# What to do with it?



## dingle (Jul 25, 2008)

Rack of lamb, purchased fairly inexpensive yesterday. Never cooked it, but always wanted to. Have no idea what to do with it. Wife doesn't/wont eat it so its all mine-mine-mine. Saw a thread from BBQGODDESS but was for leg of lamb. Help!


----------



## pineywoods (Jul 25, 2008)

Search "recipe for smoked rack of lamb" then have fun reading a bunch of stuff poped up when I did it  
	

	
	
		
		



		
			






  Sounds good just never done one


----------



## dingle (Jul 25, 2008)

Thanks Piney. Just did that on the food network site.

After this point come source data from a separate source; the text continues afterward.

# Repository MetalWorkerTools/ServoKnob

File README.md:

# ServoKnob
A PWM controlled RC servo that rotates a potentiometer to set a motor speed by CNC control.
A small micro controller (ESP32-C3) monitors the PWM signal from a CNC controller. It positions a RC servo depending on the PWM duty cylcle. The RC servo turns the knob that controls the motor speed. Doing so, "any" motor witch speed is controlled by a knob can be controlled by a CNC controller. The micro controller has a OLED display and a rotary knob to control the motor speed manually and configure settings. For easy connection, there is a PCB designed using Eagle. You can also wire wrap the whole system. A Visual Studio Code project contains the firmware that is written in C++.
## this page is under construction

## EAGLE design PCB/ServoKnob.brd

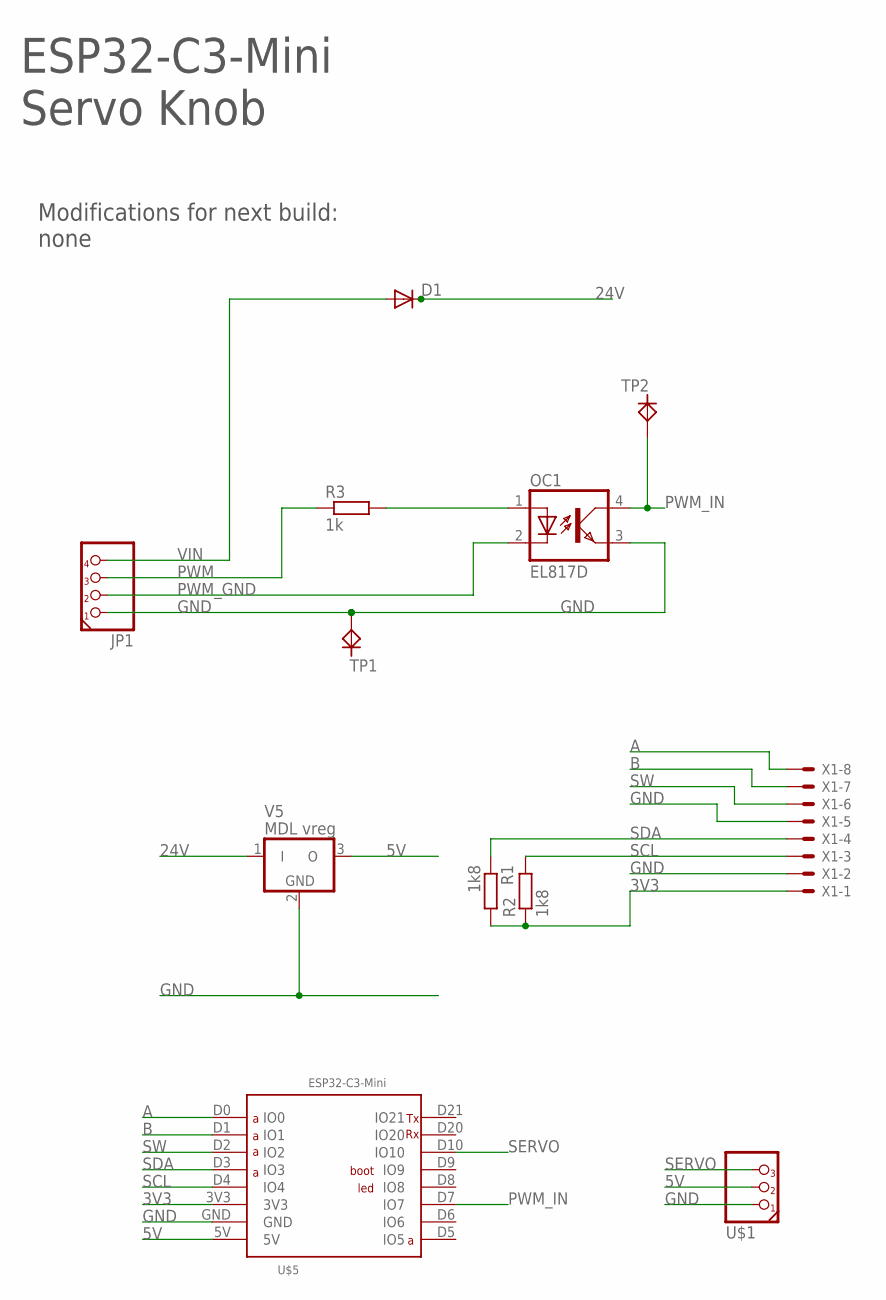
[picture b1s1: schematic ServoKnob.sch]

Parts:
D1: DIODE-DO214ACI; DO214ACI
JP1: PINHD-1X4PH254; 1X04/PH254
OC1: EL817D; DIL04
R1, R2: 1k8; R0805
R3: 1k; R0805
TP1, TP2: TESTPIN-TP10; TP10
U$1: PINHD-1X3; 1X03
U$5: ESP32C3MINIL; ESP32-C3-MINI
V5: MDL vreg; MDLSTEPDOWNV02H
X1: JST-XH-08-PIN-L; JST-XH-08-L

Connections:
3V3: R1.2, R2.1, U$5.3V3, X1.1
5V: U$1.2, U$5.5V, V5.3 (O)
24V: D1.C, V5.1 (I)
A: U$5.D0 (IO0), X1.8
B: U$5.D1 (IO1), X1.7
GND: JP1.1, OC1.3 (EMIT), TP1.TP, U$1.1, U$5.GND, V5.2 (GND), X1.2, X1.5
unnamed: OC1.1 (A), R3.2
PWM: JP1.3, R3.1
PWM_GND: JP1.2, OC1.2 (C)
PWM_IN: OC1.4 (COL), TP2.TP, U$5.D7 (IO7)
SCL: R2.2, U$5.D4 (IO4), X1.3
SDA: R1.1, U$5.D3 (IO3), X1.4
SERVO: U$1.3, U$5.D10 (IO10)
SW: U$5.D2 (IO2), X1.6
VIN: D1.A, JP1.4

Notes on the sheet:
ESP32-C3-Mini Servo Knob
Modifications for next build: none

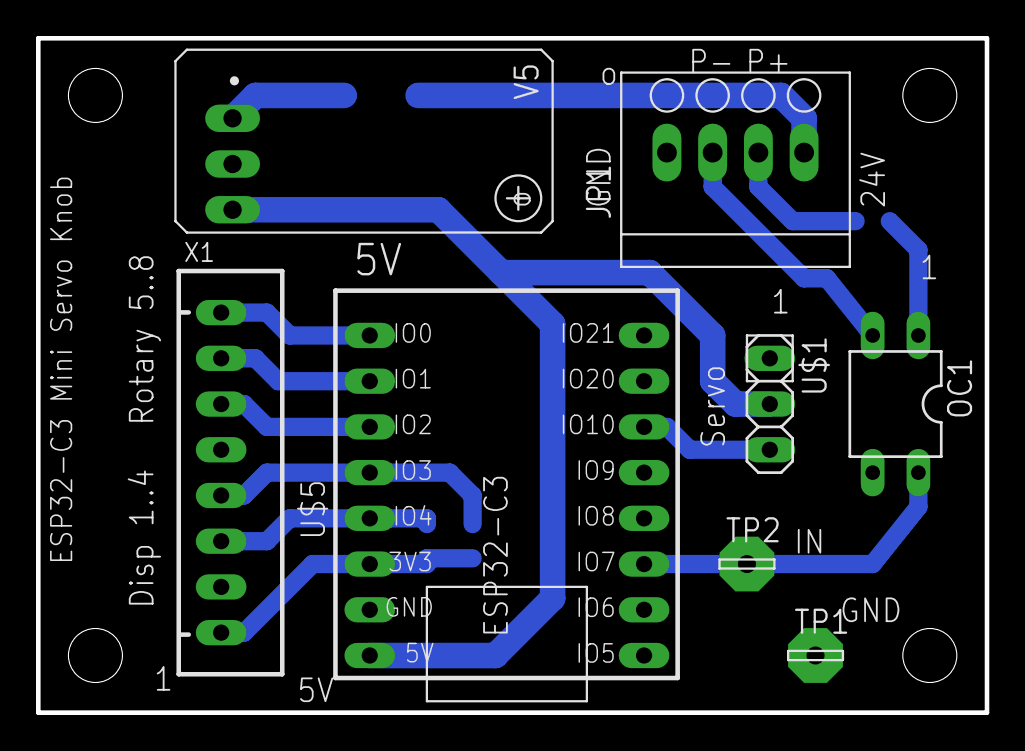
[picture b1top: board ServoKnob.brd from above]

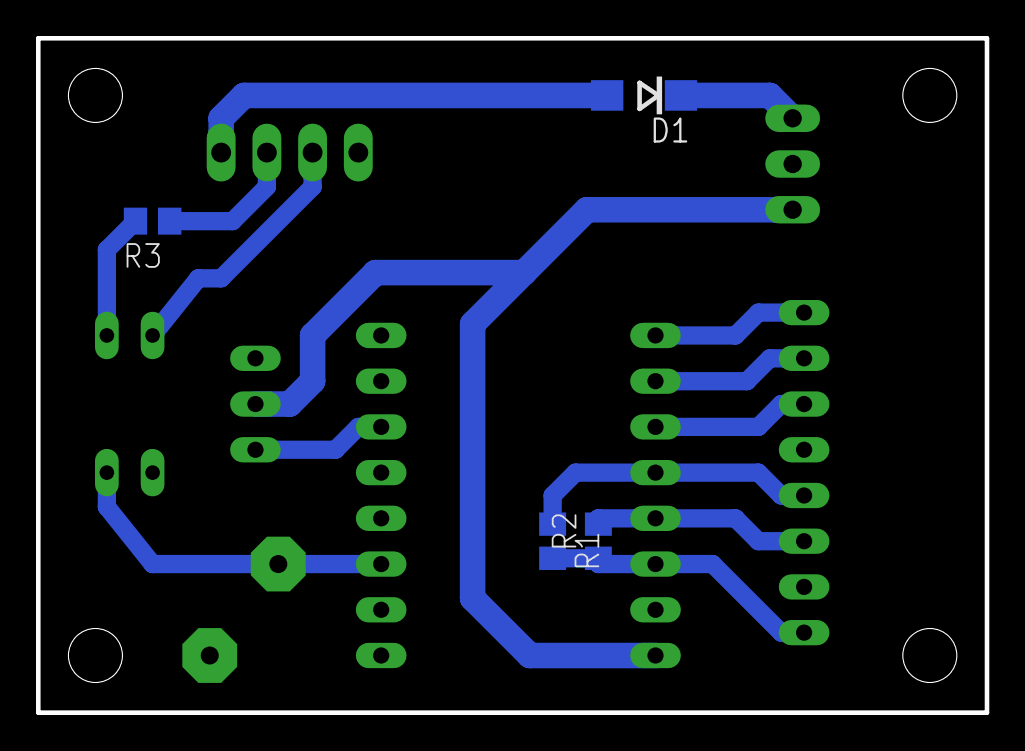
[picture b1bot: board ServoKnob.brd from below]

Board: 2 copper layers, 52.7 x 37.5 mm, 12 parts (4 on the bottom side), 15 nets.

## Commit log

2024-12-23 Release 1.0
    First release
2024-12-23 Cleanup
2024-12-23 Added Eagle PCB files
2024-12-25 Added PCB holder step file and firmware cleanup
    Added PCB holder step
    Cleanup Firmware
2024-12-31 Firmware update
    Firmware update
2024-12-31 Fixed not activating servo anymore after a PWM signal change

I'm exhausted already.


----------



## pineywoods (Jul 25, 2008)

http://bbq.about.com/od/lambrecipes/...s_for_Lamb.htm

and another

http://chef2chef.net/recipes/section/lamb/page1.php

Some interesting ideas


----------



## triman22000 (Jul 25, 2008)

I love rack of lamb I never smoke it cause I love the way I make it.
I take a zip lock bag and put it inside it. Take Italian dressing pour it over it in the bag and add about 5 table spoons of lemon pepper seasoning to it and let it set all night. Then the next day I grill it to the way you like your steak I like mine med rare. Try it like that one time its the bomb


----------



## dingle (Jul 25, 2008)

Piney-the first link is exactly the one I was looking at.

Triman thanks for the tip. Will definitely try that.


----------